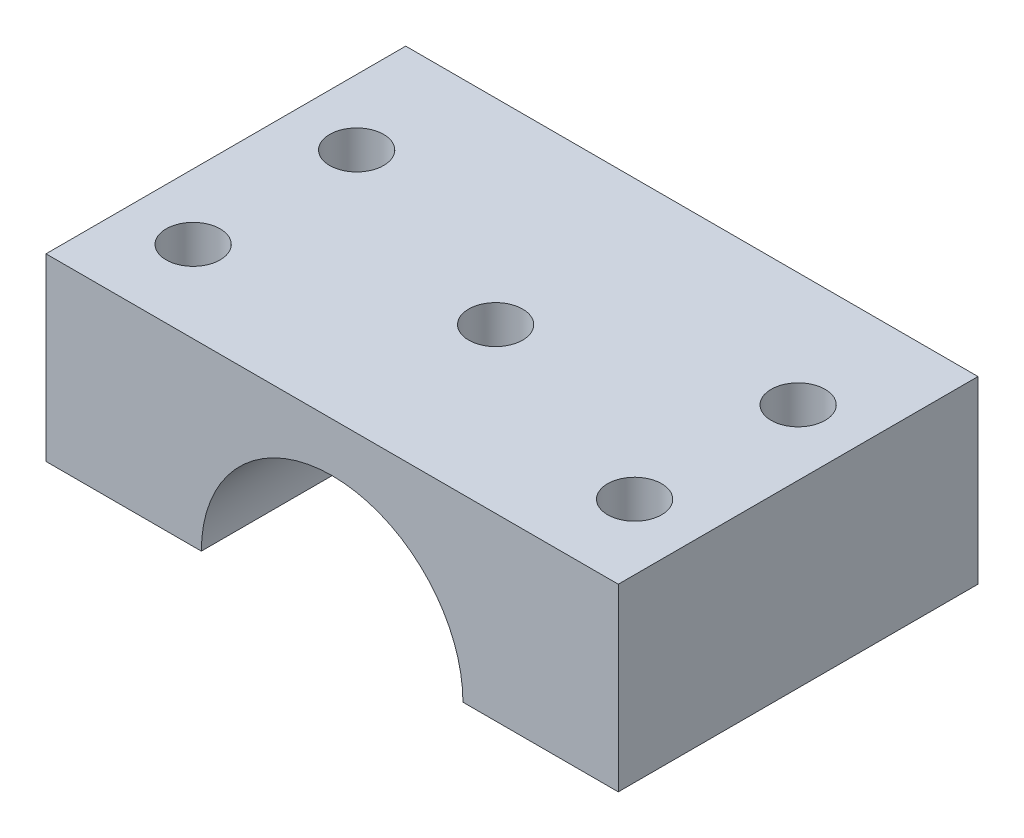
SolidWorks part; units mm, degrees
ref_plane "前视基准面" through (0, 0, 0) normal (0, 0, 1) x (1, 0, 0)
ref_plane "上视基准面" through (0, 0, 0) normal (0, 1, 0) x (1, 0, 0)
ref_plane "右视基准面" through (0, 0, 0) normal (1, 0, 0) x (0, 0, -1)
sketch "草图1" plane through (0, 0, 0) normal (0, 0, 1) x (1, 0, 0)
  line L0 (-17.5, 3) -> (-17.5, 11)
  line L5 (0, 0) -> (0, -11)
  line L6 (-17.5, 11) -> (17.5, 11)
  line L7 (17.5, 11) -> (17.5, 3)
  line L8 (-17.5, 0) -> (17.5, 0)
  line L9 (-17.5, 0) -> (-17.5, 3)
  line L10 (-17.5, 3) -> (17.5, 3)
  line L11 (17.5, 0) -> (17.5, 3)
  line L12 (-17.5, 0) -> (17.5, 3) construction
  line L13 (-17.5, 3) -> (17.5, 0) construction
  line L14 (-11, 0) -> (11, 0)
  circle A0 centre (0, 0) radius 8
  circle A1 centre (0, 0) radius 11
  point P3 (0, 1.5)
  dimension "D1" = 16
  dimension "D2" = 22
  dimension "D3" = 0
  dimension "D7" = 3
extrude "凸台-拉伸1" add sketch "草图1" along normal blind 22 contours A1 L10 L9 L8 | L10 A1 L8 A0 | L10 A1 A0 | A1 L8 L11 L10 | L14 A1 L10 A0 | A1 L6 L0 L10 | A1 L10 L7 L6
sketch "草图3" plane through (0, 0, 0) normal (0, 1, 0) x (1, 0, 0)
  line L0 (-17.5, -22) -> (17.5, -22) construction
  line L3 (17.5, -22) -> (17.5, 0) construction
  circle A0 centre (0, -12) radius 1.65
  dimension "D1" = 3.3
  dimension "D2" = 10
  dimension "D3" = 17.5
extrude "切除-拉伸2" cut sketch "草图3" along normal blind 19 contours A0
sketch "草图4" plane through (0, 0, 0) normal (0, 0, -1) x (-1, 0, 0)
  line L1 (-17.5, 0) -> (17.5, 0)
  line L2 (-17.5, 0) -> (-17.5, 3)
  line L3 (-17.5, 3) -> (17.5, 3)
  line L4 (17.5, 0) -> (17.5, 3)
  circle A0 centre (0, 0) radius 11
extrude "凸台-拉伸2" add sketch "草图4" against normal blind 2
sketch "草图5" plane through (0, 0, 0) normal (0, -1, 0) x (1, 0, 0)
  line L0 (-17.5, 22) -> (-17.5, 0) construction
  line L1 (17.5, 22) -> (17.5, 0) construction
  line L2 (-17.5, 22) -> (-8, 22) construction
  line L3 (8, 22) -> (17.5, 22) construction
  circle A0 centre (-13.5, 17) radius 1.65
  circle A1 centre (-13.5, 7) radius 1.65
  circle A2 centre (13.5, 17) radius 1.65
  circle A3 centre (13.5, 7) radius 1.65
  point P14 (-12.75, 22)
  dimension "D1" = 4
  dimension "D2" = 4
  dimension "D3" = 4
  dimension "D4" = 4
  dimension "D5" = 3.3
  dimension "D6" = 3.3
  dimension "D7" = 3.3
  dimension "D8" = 3.3
  dimension "D9" = 10
  dimension "D10" = 10
  dimension "D11" = 5
  dimension "D12" = 5
extrude "切除-拉伸3" cut sketch "草图5" against normal through all
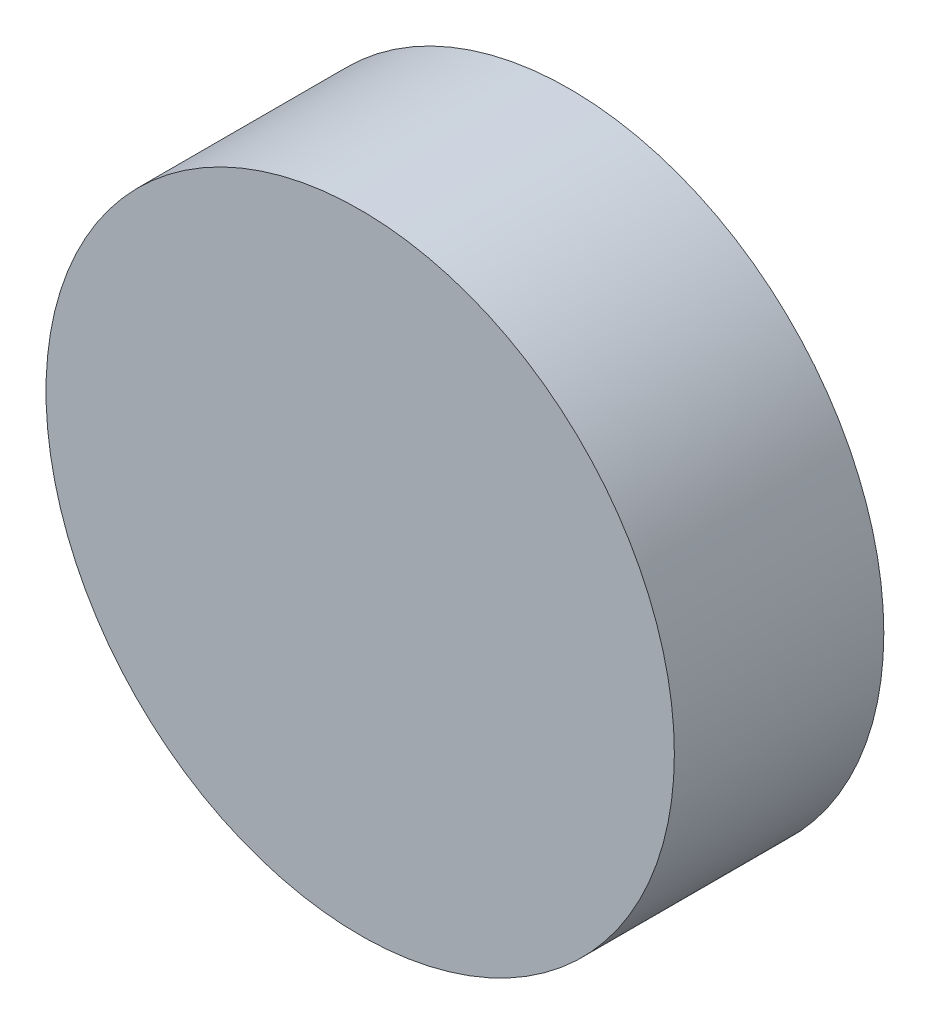
SolidWorks part; units mm, degrees
ref_plane "前视基准面" through (0, 0, 0) normal (0, 0, 1) x (1, 0, 0)
ref_plane "上视基准面" through (0, 0, 0) normal (0, 1, 0) x (1, 0, 0)
ref_plane "右视基准面" through (0, 0, 0) normal (1, 0, 0) x (0, 0, -1)
other "Configuration Table"
sketch "草图1" plane through (0, 0, 0) normal (0, 0, 1) x (1, 0, 0)
  circle A0 centre (0, 0) radius 1.65
  dimension "diameter" = 3.3
extrude "Disc" add sketch "草图1" along normal blind 1.1
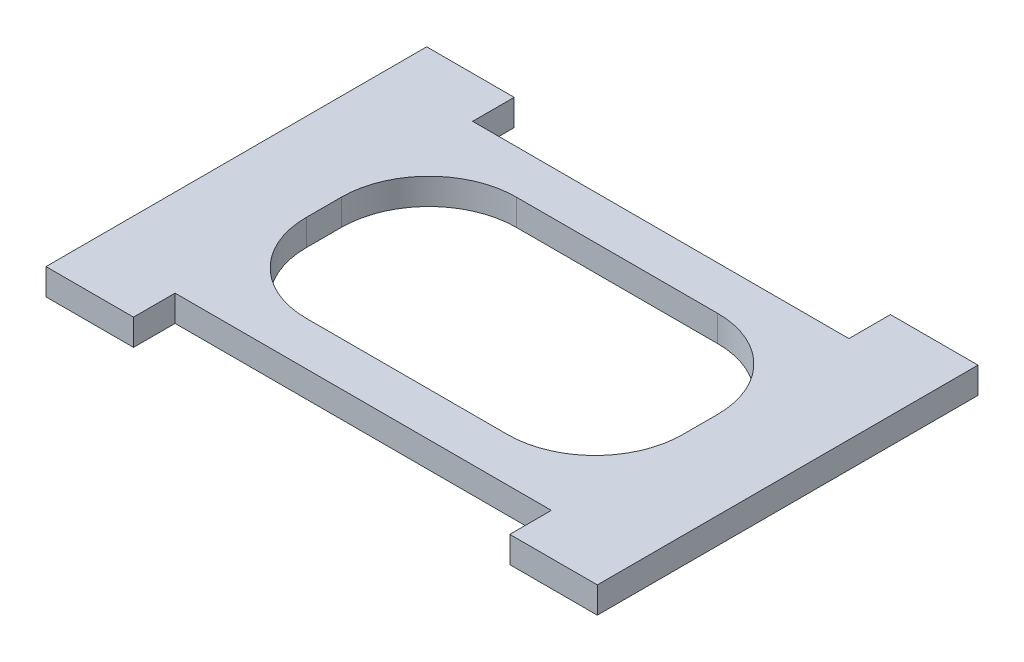
SolidWorks part; units mm, degrees
ref_plane "Front Plane" through (0, 0, 0) normal (0, 0, 1) x (1, 0, 0)
ref_plane "Top Plane" through (0, 0, 0) normal (0, 1, 0) x (1, 0, 0)
ref_plane "Right Plane" through (0, 0, 0) normal (1, 0, 0) x (0, 0, -1)
sketch "Sketch1" plane through (0, 0, 0) normal (0, 1, 0) x (1, 0, 0)
  line L0 (12.75, 17) -> (12.75, -17)
  line L5 (0, 0) -> (-50.25, 13.2957) construction
  line L6 (0, 0) -> (-50.25, -13.2957) construction
  line L7 (2.75, -17) -> (-40.25, -17)
  line L8 (-50.25, 17) -> (-50.25, -17)
  line L10 (2.75, -17) -> (-40.25, -17)
  line L14 (-50.25, -17) -> (-50.25, -21.75)
  line L15 (-50.25, -21.75) -> (-40.25, -21.75)
  line L16 (-40.25, -17) -> (-40.25, -21.75)
  line L18 (2.75, -17) -> (2.75, -21.75)
  line L19 (2.75, -21.75) -> (12.75, -21.75)
  line L20 (12.75, -17) -> (12.75, -21.75)
  line L26 (-50.25, 17) -> (-50.25, 21.75)
  line L27 (-50.25, 21.75) -> (-40.25, 21.75)
  line L28 (-40.25, 17) -> (-40.25, 21.75)
  line L30 (2.75, 17) -> (2.75, 21.75)
  line L31 (2.75, 21.75) -> (12.75, 21.75)
  line L32 (12.75, 17) -> (12.75, 21.75)
  line L37 (2.75, 17) -> (-40.25, 17)
  point P0 (0, 0)
  dimension "D6" = 10
  dimension "D7" = 43
  dimension "D8" = 10
  dimension "D9" = 4.75
extrude "Boss-Extrude1" add sketch "Sketch1" along normal blind 3
sketch "Sketch5" plane through (0, 3, 0) normal (0, 1, 0) x (1, 0, 0)
  line L4 (-40.25, 12) -> (2.75, 12)
  line L5 (-40.25, 12) -> (-40.25, -12)
  line L6 (-40.25, -12) -> (2.75, -12)
  line L7 (2.75, 12) -> (2.75, -12)
extrude "Cut-Extrude4" cut sketch "Sketch5" against normal blind 3 contours L5 L4 L7 L6
fillet "Fillet1" radius 10 4 edges at (2.75, 1.5, 12) (2.75, 1.5, -12) (-40.25, 1.5, -12) (-40.25, 1.5, 12)

- Assignment
The expected output is the full material above, unaltered, with pictures removed.

- Result of the task
SolidWorks part; units mm, degrees
ref_plane "前视基准面" through (0, 0, 0) normal (0, 0, 1) x (1, 0, 0)
ref_plane "上视基准面" through (0, 0, 0) normal (0, 1, 0) x (1, 0, 0)
ref_plane "右视基准面" through (0, 0, 0) normal (1, 0, 0) x (0, 0, -1)
sketch "草图1" plane through (0, 0, 0) normal (0, 0, 1) x (1, 0, 0)
  line L0 (-17.5, 3) -> (-17.5, 11)
  line L5 (0, 0) -> (0, -11)
  line L6 (-17.5, 11) -> (17.5, 11)
  line L7 (17.5, 11) -> (17.5, 3)
  line L8 (-17.5, 0) -> (17.5, 0)
  line L9 (-17.5, 0) -> (-17.5, 3)
  line L10 (-17.5, 3) -> (17.5, 3)
  line L11 (17.5, 0) -> (17.5, 3)
  line L12 (-17.5, 0) -> (17.5, 3) construction
  line L13 (-17.5, 3) -> (17.5, 0) construction
  line L14 (-11, 0) -> (11, 0)
  circle A0 centre (0, 0) radius 8
  circle A1 centre (0, 0) radius 11
  point P3 (0, 1.5)
  dimension "D1" = 16
  dimension "D2" = 22
  dimension "D3" = 0
  dimension "D7" = 3
extrude "凸台-拉伸1" add sketch "草图1" along normal blind 22 contours A1 L10 L9 L8 | L10 A1 L8 A0 | L10 A1 A0 | A1 L8 L11 L10 | L14 A1 L10 A0 | A1 L6 L0 L10 | A1 L10 L7 L6
sketch "草图3" plane through (0, 0, 0) normal (0, 1, 0) x (1, 0, 0)
  line L0 (-17.5, -22) -> (17.5, -22) construction
  line L3 (17.5, -22) -> (17.5, 0) construction
  circle A0 centre (0, -12) radius 1.65
  dimension "D1" = 3.3
  dimension "D2" = 10
  dimension "D3" = 17.5
extrude "切除-拉伸2" cut sketch "草图3" along normal blind 19 contours A0
sketch "草图4" plane through (0, 0, 0) normal (0, 0, -1) x (-1, 0, 0)
  line L1 (-17.5, 0) -> (17.5, 0)
  line L2 (-17.5, 0) -> (-17.5, 3)
  line L3 (-17.5, 3) -> (17.5, 3)
  line L4 (17.5, 0) -> (17.5, 3)
  circle A0 centre (0, 0) radius 11
extrude "凸台-拉伸2" add sketch "草图4" against normal blind 2
sketch "草图5" plane through (0, 0, 0) normal (0, -1, 0) x (1, 0, 0)
  line L0 (-17.5, 22) -> (-17.5, 0) construction
  line L1 (17.5, 22) -> (17.5, 0) construction
  line L2 (-17.5, 22) -> (-8, 22) construction
  line L3 (8, 22) -> (17.5, 22) construction
  circle A0 centre (-13.5, 17) radius 1.65
  circle A1 centre (-13.5, 7) radius 1.65
  circle A2 centre (13.5, 17) radius 1.65
  circle A3 centre (13.5, 7) radius 1.65
  point P14 (-12.75, 22)
  dimension "D1" = 4
  dimension "D2" = 4
  dimension "D3" = 4
  dimension "D4" = 4
  dimension "D5" = 3.3
  dimension "D6" = 3.3
  dimension "D7" = 3.3
  dimension "D8" = 3.3
  dimension "D9" = 10
  dimension "D10" = 10
  dimension "D11" = 5
  dimension "D12" = 5
extrude "切除-拉伸3" cut sketch "草图5" against normal through all
SolidWorks part; units mm, degrees
ref_plane "前视基准面" through (0, 0, 0) normal (0, 0, 1) x (1, 0, 0)
ref_plane "上视基准面" through (0, 0, 0) normal (0, 1, 0) x (1, 0, 0)
ref_plane "右视基准面" through (0, 0, 0) normal (1, 0, 0) x (0, 0, -1)
other "Configuration Table"
sketch "草图1" plane through (0, 0, 0) normal (0, 0, 1) x (1, 0, 0)
  circle A0 centre (0, 0) radius 1.65
  dimension "diameter" = 3.3
extrude "Disc" add sketch "草图1" along normal blind 1.1
SolidWorks part; units mm, degrees
ref_plane "Front Plane" through (0, 0, 0) normal (0, 0, 1) x (1, 0, 0)
ref_plane "Top Plane" through (0, 0, 0) normal (0, 1, 0) x (1, 0, 0)
ref_plane "Right Plane" through (0, 0, 0) normal (1, 0, 0) x (0, 0, -1)
sketch "Sketch1" plane through (0, 0, 0) normal (0, 1, 0) x (1, 0, 0)
  line L0 (12.75, 17) -> (12.75, -17)
  line L5 (0, 0) -> (-50.25, 13.2957) construction
  line L6 (0, 0) -> (-50.25, -13.2957) construction
  line L7 (2.75, -17) -> (-40.25, -17)
  line L8 (-50.25, 17) -> (-50.25, -17)
  line L10 (2.75, -17) -> (-40.25, -17)
  line L14 (-50.25, -17) -> (-50.25, -21.75)
  line L15 (-50.25, -21.75) -> (-40.25, -21.75)
  line L16 (-40.25, -17) -> (-40.25, -21.75)
  line L18 (2.75, -17) -> (2.75, -21.75)
  line L19 (2.75, -21.75) -> (12.75, -21.75)
  line L20 (12.75, -17) -> (12.75, -21.75)
  line L26 (-50.25, 17) -> (-50.25, 21.75)
  line L27 (-50.25, 21.75) -> (-40.25, 21.75)
  line L28 (-40.25, 17) -> (-40.25, 21.75)
  line L30 (2.75, 17) -> (2.75, 21.75)
  line L31 (2.75, 21.75) -> (12.75, 21.75)
  line L32 (12.75, 17) -> (12.75, 21.75)
  line L37 (2.75, 17) -> (-40.25, 17)
  point P0 (0, 0)
  dimension "D6" = 10
  dimension "D7" = 43
  dimension "D8" = 10
  dimension "D9" = 4.75
extrude "Boss-Extrude1" add sketch "Sketch1" along normal blind 3
sketch "Sketch5" plane through (0, 3, 0) normal (0, 1, 0) x (1, 0, 0)
  line L4 (-40.25, 12) -> (2.75, 12)
  line L5 (-40.25, 12) -> (-40.25, -12)
  line L6 (-40.25, -12) -> (2.75, -12)
  line L7 (2.75, 12) -> (2.75, -12)
extrude "Cut-Extrude4" cut sketch "Sketch5" against normal blind 3 contours L5 L4 L7 L6
fillet "Fillet1" radius 10 4 edges at (2.75, 1.5, 12) (2.75, 1.5, -12) (-40.25, 1.5, -12) (-40.25, 1.5, 12)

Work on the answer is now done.